Major US Data Releases: GDP and PCE

nashnova Research
Published 2026-04-30About 11 min read

Tonight at 20:30 Beijing time, the United States will announce the GDP data for the first quarter. The market expects an annualized growth rate of 2.3%, which seems solid on the surface, but a closer look at the composition paints a much less optimistic picture—consumer spending is only expected to increase by 1.4%, and what truly props up these results are government spending rebounds and corporate AI investments.

At the end of 2025, the United States experienced the longest government shutdown in history, with the interruption of public services and over a million employees furloughed without pay, causing a loss of approximately one percentage point in the fourth quarter GDP—this drag was released in the first quarter.

JPMorgan economist Abiel Reinhart estimates that, excluding the stimulus effect brought about by the end of the shutdown, the actual growth rate for the first quarter may only be around 1.5%.
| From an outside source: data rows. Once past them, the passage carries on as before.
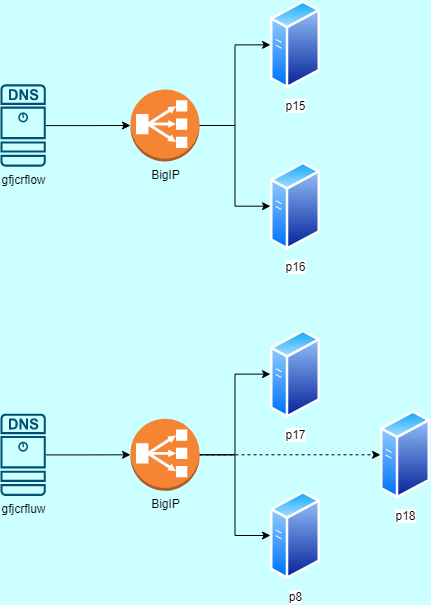

The diagram above was exported from draw.io. Its source (the exported page's mxGraphModel, read from the mxfile embedded in the PNG):
<mxGraphModel dx="2942" dy="1154" grid="1" gridSize="10" guides="1" tooltips="1" connect="1" arrows="1" fold="1" page="1" pageScale="1.5" pageWidth="1169" pageHeight="826" background="#CCFFFF" math="0" shadow="0">
  <root>
    <mxCell id="0" style=";html=1;" />
    <mxCell id="1" style=";html=1;" parent="0" />
    <mxCell id="lXc_tJJauqjgfCwm6y2f-4" value="" style="edgeStyle=orthogonalEdgeStyle;rounded=0;orthogonalLoop=1;jettySize=auto;html=1;" edge="1" parent="1" source="lXc_tJJauqjgfCwm6y2f-1" target="lXc_tJJauqjgfCwm6y2f-3">
      <mxGeometry relative="1" as="geometry" />
    </mxCell>
    <mxCell id="lXc_tJJauqjgfCwm6y2f-1" value="BigIP" style="outlineConnect=0;dashed=0;verticalLabelPosition=bottom;verticalAlign=top;align=center;html=1;shape=mxgraph.aws3.classic_load_balancer;fillColor=#F58534;gradientColor=none;" vertex="1" parent="1">
      <mxGeometry x="350" y="180" width="69" height="72" as="geometry" />
    </mxCell>
    <mxCell id="lXc_tJJauqjgfCwm6y2f-2" value="p15" style="aspect=fixed;perimeter=ellipsePerimeter;html=1;align=center;shadow=0;dashed=0;spacingTop=3;image;image=img/lib/active_directory/generic_server.svg;" vertex="1" parent="1">
      <mxGeometry x="490" y="90.71000000000001" width="50" height="89.29" as="geometry" />
    </mxCell>
    <mxCell id="lXc_tJJauqjgfCwm6y2f-3" value="p16" style="aspect=fixed;perimeter=ellipsePerimeter;html=1;align=center;shadow=0;dashed=0;spacingTop=3;image;image=img/lib/active_directory/generic_server.svg;" vertex="1" parent="1">
      <mxGeometry x="490" y="252" width="50" height="89.29" as="geometry" />
    </mxCell>
    <mxCell id="lXc_tJJauqjgfCwm6y2f-5" value="" style="edgeStyle=orthogonalEdgeStyle;rounded=0;orthogonalLoop=1;jettySize=auto;html=1;entryX=0;entryY=0.5;entryDx=0;entryDy=0;exitX=1;exitY=0.5;exitDx=0;exitDy=0;exitPerimeter=0;" edge="1" parent="1" source="lXc_tJJauqjgfCwm6y2f-1" target="lXc_tJJauqjgfCwm6y2f-2">
      <mxGeometry relative="1" as="geometry">
        <mxPoint x="429" y="226" as="sourcePoint" />
        <mxPoint x="500.0000189709858" y="264.70000000000005" as="targetPoint" />
      </mxGeometry>
    </mxCell>
    <mxCell id="lXc_tJJauqjgfCwm6y2f-7" value="" style="edgeStyle=orthogonalEdgeStyle;rounded=0;orthogonalLoop=1;jettySize=auto;html=1;" edge="1" parent="1" source="lXc_tJJauqjgfCwm6y2f-6" target="lXc_tJJauqjgfCwm6y2f-1">
      <mxGeometry relative="1" as="geometry" />
    </mxCell>
    <mxCell id="lXc_tJJauqjgfCwm6y2f-6" value="gfjcrflow" style="sketch=0;points=[[0.015,0.015,0],[0.985,0.015,0],[0.985,0.985,0],[0.015,0.985,0],[0.25,0,0],[0.5,0,0],[0.75,0,0],[1,0.25,0],[1,0.5,0],[1,0.75,0],[0.75,1,0],[0.5,1,0],[0.25,1,0],[0,0.75,0],[0,0.5,0],[0,0.25,0]];verticalLabelPosition=bottom;html=1;verticalAlign=top;aspect=fixed;align=center;pointerEvents=1;shape=mxgraph.cisco19.dns_server;fillColor=#005073;strokeColor=none;" vertex="1" parent="1">
      <mxGeometry x="220" y="174.86" width="45.26" height="82.29" as="geometry" />
    </mxCell>
    <mxCell id="lXc_tJJauqjgfCwm6y2f-12" value="" style="edgeStyle=orthogonalEdgeStyle;rounded=0;orthogonalLoop=1;jettySize=auto;html=1;" edge="1" parent="1" source="lXc_tJJauqjgfCwm6y2f-13" target="lXc_tJJauqjgfCwm6y2f-15">
      <mxGeometry relative="1" as="geometry" />
    </mxCell>
    <mxCell id="lXc_tJJauqjgfCwm6y2f-21" style="edgeStyle=orthogonalEdgeStyle;rounded=0;orthogonalLoop=1;jettySize=auto;html=1;entryX=0;entryY=0.5;entryDx=0;entryDy=0;dashed=1;" edge="1" parent="1" source="lXc_tJJauqjgfCwm6y2f-13" target="lXc_tJJauqjgfCwm6y2f-20">
      <mxGeometry relative="1" as="geometry" />
    </mxCell>
    <mxCell id="lXc_tJJauqjgfCwm6y2f-13" value="BigIP" style="outlineConnect=0;dashed=0;verticalLabelPosition=bottom;verticalAlign=top;align=center;html=1;shape=mxgraph.aws3.classic_load_balancer;fillColor=#F58534;gradientColor=none;" vertex="1" parent="1">
      <mxGeometry x="350" y="509.29" width="69" height="72" as="geometry" />
    </mxCell>
    <mxCell id="lXc_tJJauqjgfCwm6y2f-14" value="p17" style="aspect=fixed;perimeter=ellipsePerimeter;html=1;align=center;shadow=0;dashed=0;spacingTop=3;image;image=img/lib/active_directory/generic_server.svg;" vertex="1" parent="1">
      <mxGeometry x="490" y="420" width="50" height="89.29" as="geometry" />
    </mxCell>
    <mxCell id="lXc_tJJauqjgfCwm6y2f-15" value="p8" style="aspect=fixed;perimeter=ellipsePerimeter;html=1;align=center;shadow=0;dashed=0;spacingTop=3;image;image=img/lib/active_directory/generic_server.svg;" vertex="1" parent="1">
      <mxGeometry x="490" y="581.29" width="50" height="89.29" as="geometry" />
    </mxCell>
    <mxCell id="lXc_tJJauqjgfCwm6y2f-16" value="" style="edgeStyle=orthogonalEdgeStyle;rounded=0;orthogonalLoop=1;jettySize=auto;html=1;entryX=0;entryY=0.5;entryDx=0;entryDy=0;exitX=1;exitY=0.5;exitDx=0;exitDy=0;exitPerimeter=0;" edge="1" parent="1" source="lXc_tJJauqjgfCwm6y2f-13" target="lXc_tJJauqjgfCwm6y2f-14">
      <mxGeometry relative="1" as="geometry">
        <mxPoint x="429" y="555.29" as="sourcePoint" />
        <mxPoint x="500.0000189709858" y="593.99" as="targetPoint" />
      </mxGeometry>
    </mxCell>
    <mxCell id="lXc_tJJauqjgfCwm6y2f-17" value="" style="edgeStyle=orthogonalEdgeStyle;rounded=0;orthogonalLoop=1;jettySize=auto;html=1;" edge="1" parent="1" source="lXc_tJJauqjgfCwm6y2f-18" target="lXc_tJJauqjgfCwm6y2f-13">
      <mxGeometry relative="1" as="geometry" />
    </mxCell>
    <mxCell id="lXc_tJJauqjgfCwm6y2f-18" value="gfjcrfluw" style="sketch=0;points=[[0.015,0.015,0],[0.985,0.015,0],[0.985,0.985,0],[0.015,0.985,0],[0.25,0,0],[0.5,0,0],[0.75,0,0],[1,0.25,0],[1,0.5,0],[1,0.75,0],[0.75,1,0],[0.5,1,0],[0.25,1,0],[0,0.75,0],[0,0.5,0],[0,0.25,0]];verticalLabelPosition=bottom;html=1;verticalAlign=top;aspect=fixed;align=center;pointerEvents=1;shape=mxgraph.cisco19.dns_server;fillColor=#005073;strokeColor=none;" vertex="1" parent="1">
      <mxGeometry x="220" y="504.15000000000003" width="45.26" height="82.29" as="geometry" />
    </mxCell>
    <mxCell id="lXc_tJJauqjgfCwm6y2f-20" value="p18" style="aspect=fixed;perimeter=ellipsePerimeter;html=1;align=center;shadow=0;dashed=0;spacingTop=3;image;image=img/lib/active_directory/generic_server.svg;" vertex="1" parent="1">
      <mxGeometry x="600" y="500.65" width="50" height="89.29" as="geometry" />
    </mxCell>
  </root>
</mxGraphModel>
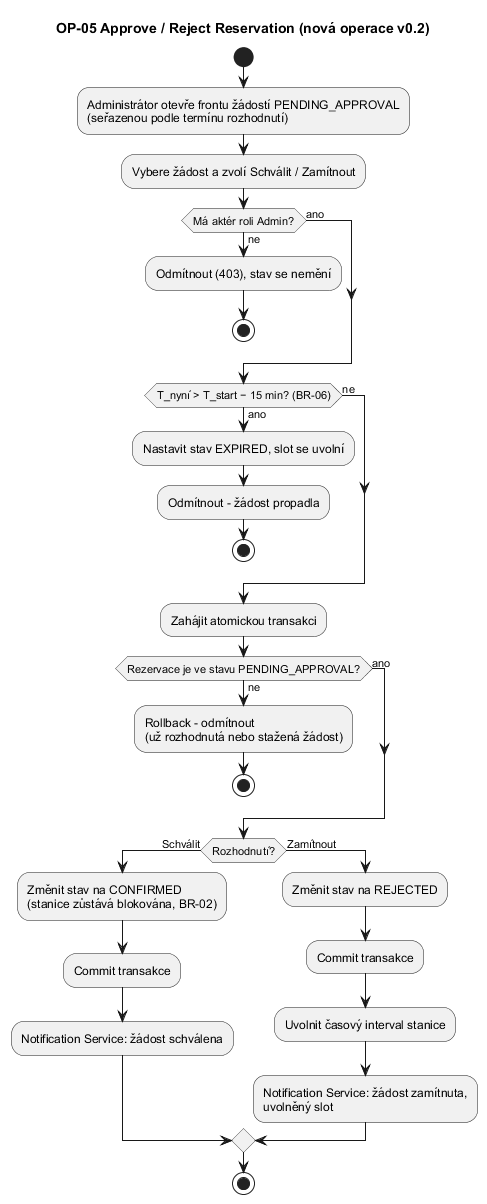

The diagram above was rendered by PlantUML. Its source (embedded in the PNG):
@startuml
skinparam defaultFontName Arial
title OP-05 Approve / Reject Reservation (nová operace v0.2)
start
:Administrátor otevře frontu žádostí PENDING_APPROVAL
(seřazenou podle termínu rozhodnutí);
:Vybere žádost a zvolí Schválit / Zamítnout;
if (Má aktér roli Admin?) then (ne)
  :Odmítnout (403), stav se nemění;
  stop
else (ano)
endif
if (T_nyní > T_start − 15 min? (BR-06)) then (ano)
  :Nastavit stav EXPIRED, slot se uvolní;
  :Odmítnout - žádost propadla;
  stop
else (ne)
endif
:Zahájit atomickou transakci;
if (Rezervace je ve stavu PENDING_APPROVAL?) then (ne)
  :Rollback - odmítnout
  (už rozhodnutá nebo stažená žádost);
  stop
else (ano)
endif
if (Rozhodnutí?) then (Schválit)
  :Změnit stav na CONFIRMED
  (stanice zůstává blokována, BR-02);
  :Commit transakce;
  :Notification Service: žádost schválena;
else (Zamítnout)
  :Změnit stav na REJECTED;
  :Commit transakce;
  :Uvolnit časový interval stanice;
  :Notification Service: žádost zamítnuta,
  uvolněný slot;
endif
stop
@enduml

AI investment is another supporting force, but its net contribution is significantly diluted. The heavy reliance on imported hardware components results in a trade deficit that offsets it in GDP accounting. At the same time, following the Supreme Court's overturning of some tariff policies in February, companies have been stockpiling inventories before new tariffs take effect, further widening the trade deficit.

The GDPNow model of the Atlanta Fed shows that net exports alone may drag down the growth rate by about 1.3 percentage points.

Perhaps the more significant figure to watch tonight alongside the GDP data is the March PCE Price Index (the Federal Reserve's most important inflation indicator).

The market expects the overall PCE year-on-year increase to rise to 3.5%, the fastest since 2023; the core PCE is expected at 3.2%. The conflict in Iran driving up energy prices is the main driver, with record surges in gasoline prices in March and continuing into April.

Goldman Sachs has revised its full-year inflation forecast, currently expecting the core PCE to rise by 2.6% year-on-year by December, and the overall PCE to reach 3.4%, both higher than previous forecasts.

Its model estimates that energy and commodity price increases in the Gulf region will further raise the core PCE by about 0.35 percentage points and the overall PCE by about 1.25 percentage points in 2026. The institution also forecasts that Brent crude prices will remain around $100 in April and May, with the risk of oil prices leaning towards the upside, and that oil flow through the Strait of Hormuz may not fully normalize until the end of June.

RSM US Chief Economist Joe Brusuelas pointed out that the GDP boost from defense spending has not been fully reflected in the first quarter data yet, and a more significant impact will be evident in government spending in the second and third quarters.

Bloomberg economist Eliza Winger, on the other hand, outrightly stated that the growth rebound in the first quarter is more of a mechanical correction from last year's shutdown drag, with underlying demand still weak.

After tonight's data release, the core issue that the market is focused on is whether the March core PCE can confirm that the stubborn inflation that existed before the conflict is ongoing, and whether the fatigue in consumer spending has already substantially dragged down domestic demand. The answers to these two questions will directly affect the market pricing of the Fed's subsequent interest rate path.

Content is for reference only, not financial advice.